Masa Depan El Clasico Ditangan Dua Pemuda Jepang

reuters

Rivalitas dua musuh bubuyutan yakni, Barcelona dan Real Madrid tampaknya akan terus berlangsung abadi. Gambaran ini jelas terpajang setelah kedua tim sama-sama merekrut dua pemain muda dari Jepang.

Real Madrid terlebih dahulu bergerak dengan merekrut Takefusa Kubo. Sementara kemudian menyusul Barcelona yang baru saja mendatangkan Hiroki Abe.

Keduanya memang masih berusia belia dan baik Barcelona maupun Real Madrid pun telah memastikan akan memasukan wonderkid mereka ke skuat junior. Takefusa Kubo akan bermain untuk Real Madrid Castilla di divisi dua, sementara Hiroki Abe memperluat Barcelona B di divisi tiga.

Namun meski hanya untuk tim junior, kedatangan Takefusa Kubo dan Hiroki Abe jelas menandai babak baru dalam rivalitas Barcelona dan Real Madrid.

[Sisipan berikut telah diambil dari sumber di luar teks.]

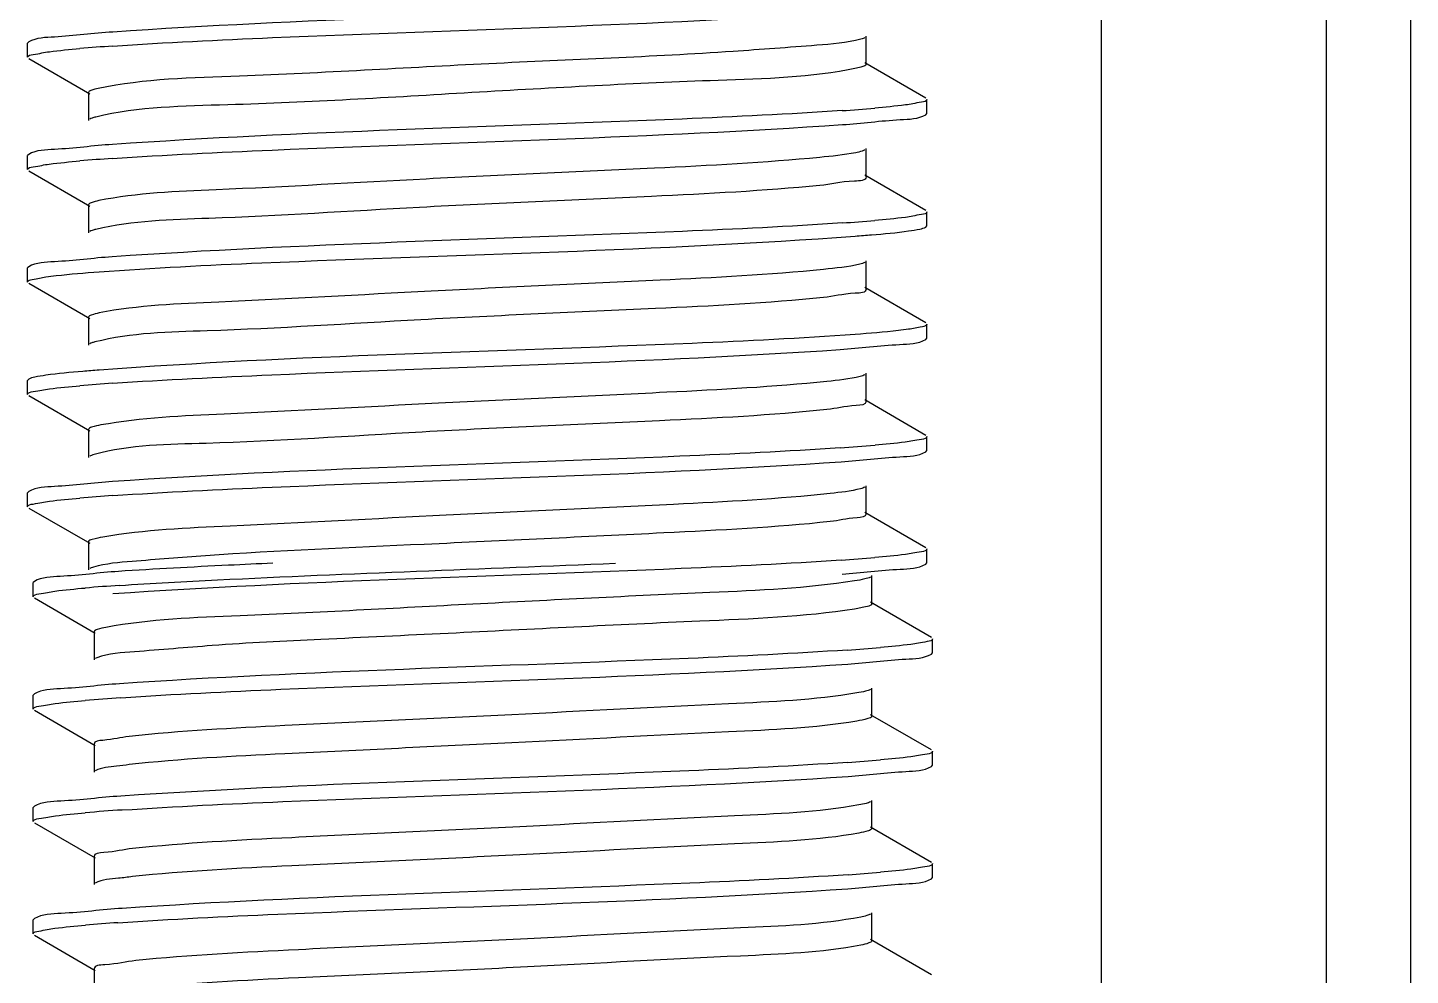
# Model space of a CAD drawing. Extents: x 27938 to 1507990, y 110129 to 923079.
# Drawn here: x 455312.2 to 455605.1, y 382403 to 382603.8 of the extents above; entities that cross this region are included whole.
import ezdxf

# ---------------------------------------------------------------- set-up
doc = ezdxf.new("R2010")
doc.units = 0
doc.header["$LTSCALE"] = 1000
doc.header["$MEASUREMENT"] = 0

msp = doc.modelspace()

# ---------------------------------------------------------------- linework, layer by layer
at = {"linetype": 'Continuous'}
for p, q in [((455539.58, 383675.04), (455539.58, 378934.02)), ((455587.2, 383675.04), (455587.2, 378934.02)), ((455605.06, 383675.04), (455605.06, 378934.02)), ((455312.39, 382600.81), (455312.16, 382600.55)), ((455489.78, 382596.08), (455489.78, 382602.04)), ((455312.16, 382597.57), (455312.16, 382600.55)), ((455312.16, 382597.57), (455312.16, 382600.55)), ((455312.39, 382597.31), (455325.31, 382589.83)), ((455488.66, 382595.46), (455487.77, 382595.24)), ((455502.44, 382588.9), (455489.52, 382596.38)), ((455325.05, 382590.13), (455325.05, 382584.18)), ((455502.67, 382585.67), (455502.67, 382588.64)), ((455502.67, 382585.67), (455502.67, 382588.64)), ((455502.44, 382585.4), (455502.67, 382585.67)), ((455489.78, 382572.27), (455489.78, 382578.22)), ((455312.39, 382577), (455312.16, 382576.74)), ((455312.16, 382573.76), (455312.16, 382576.74)), ((455312.16, 382573.76), (455312.16, 382576.74)), ((455312.39, 382573.5), (455325.31, 382566.02)), ((455502.44, 382565.09), (455489.52, 382572.57)), ((455325.05, 382566.32), (455325.05, 382560.36)), ((455502.67, 382561.85), (455502.67, 382564.83)), ((455502.44, 382561.59), (455502.67, 382561.85)), ((455489.78, 382548.46), (455489.78, 382554.41)), ((455312.39, 382553.18), (455312.16, 382552.92)), ((455312.16, 382549.95), (455312.16, 382552.92)), ((455312.16, 382549.95), (455312.16, 382552.92)), ((455312.39, 382549.69), (455325.31, 382542.2)), ((455502.44, 382541.28), (455489.52, 382548.76)), ((455325.05, 382542.5), (455325.05, 382536.55)), ((455502.67, 382538.04), (455502.67, 382541.02)), ((455502.67, 382538.04), (455502.67, 382541.02)), ((455502.44, 382537.78), (455502.67, 382538.04)), ((455489.78, 382524.64), (455489.78, 382530.6)), ((455312.39, 382529.37), (455312.16, 382529.11)), ((455312.16, 382526.13), (455312.16, 382529.11)), ((455312.16, 382526.13), (455312.16, 382529.11)), ((455312.39, 382525.87), (455325.31, 382518.39)), ((455502.44, 382517.46), (455489.52, 382524.95)), ((455325.05, 382518.69), (455325.05, 382512.74)), ((455502.67, 382514.23), (455502.67, 382517.2)), ((455502.67, 382514.23), (455502.67, 382517.2)), ((455502.44, 382513.97), (455502.67, 382514.23)), ((455312.39, 382505.56), (455312.16, 382505.3)), ((455312.16, 382502.32), (455312.16, 382505.3)), ((455312.16, 382502.32), (455312.16, 382505.3)), ((455489.78, 382500.83), (455489.78, 382506.79)), ((455312.39, 382502.06), (455325.31, 382494.58)), ((455502.44, 382493.65), (455489.52, 382501.13)), ((455325.05, 382494.88), (455325.05, 382488.93)), ((455502.67, 382490.41), (455502.67, 382493.39)), ((455502.67, 382490.41), (455502.67, 382493.39)), ((455502.44, 382490.15), (455502.67, 382490.41)), ((455490.97, 382481.78), (455490.97, 382487.73)), ((455313.58, 382486.51), (455313.35, 382486.25)), ((455313.35, 382483.27), (455313.35, 382486.25)), ((455313.35, 382483.27), (455313.35, 382486.25)), ((455313.58, 382483.01), (455326.5, 382475.53)), ((455503.63, 382474.6), (455490.71, 382482.08)), ((455326.24, 382475.83), (455326.24, 382469.87)), ((455503.86, 382471.36), (455503.86, 382474.34)), ((455503.86, 382471.36), (455503.86, 382474.34)), ((455326.83, 382470.33), (455326.5, 382470.18)), ((455503.63, 382471.1), (455503.86, 382471.36)), ((455490.97, 382457.97), (455490.97, 382463.92)), ((455313.58, 382462.69), (455313.35, 382462.43)), ((455313.35, 382459.46), (455313.35, 382462.43)), ((455313.35, 382459.46), (455313.35, 382462.43)), ((455313.58, 382459.2), (455326.5, 382451.71)), ((455503.63, 382450.79), (455490.71, 382458.27)), ((455326.24, 382452.01), (455326.24, 382446.06)), ((455503.86, 382447.55), (455503.86, 382450.53)), ((455503.86, 382447.55), (455503.86, 382450.53)), ((455503.63, 382447.29), (455503.86, 382447.55)), ((455490.97, 382434.16), (455490.97, 382440.11)), ((455313.58, 382438.88), (455313.35, 382438.62)), ((455313.35, 382435.64), (455313.35, 382438.62)), ((455313.35, 382435.64), (455313.35, 382438.62)), ((455313.58, 382435.38), (455326.5, 382427.9)), ((455503.63, 382426.97), (455490.71, 382434.46)), ((455326.24, 382428.2), (455326.24, 382422.25)), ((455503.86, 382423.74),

Real Madrid membuat kejutan terlebih dahulu dengan memboyong Takefusa Kubo dari FC Tokyo dengan nilai transfer sebesar 2 juta euro. Bukan dari nilai transfer namun hal yang mengejutkan adalah lantaran Kubo merupakan salah satu lulusan akademi Barcelona.

Kubo memperkuat akademi Barcelona sejak tahun 2011 hingga 2015, tepatnya setelah Barcelona terkena sanksi larangan transfer oleh FIFA saat membelinya dari Kawasaki Fontale. Pada jangka waktu tersebutlah Kubo mendapat julukan Lionel Messi dari Jepang.

Seakan tidak mau kalah dari Real Madrid, La Blaugrana pun kemudian memutuskan merekrut pemain muda terbaik J-League tahun 2018, Hiroki Abe..

Gelandang serang yang juga bisa bermain sebagai winger ini berusia dua tahun lebih tua dari Kubo. Dengan pengalaman dan prestasi yang melekat pada sosok Abe, bukan tidak mungkin yang sempat membela Jepang di Copa America 2019 ini akan mampu promosi ke tim senior lebih dulu dari Kubo.

Kedua bintang muda Jepang ini pun sekaligus menegaskan prospek jangka panjang akan rivalitas Barcelona dan Real Madrid atau yang biasa dikenal dengan duel El Clasico.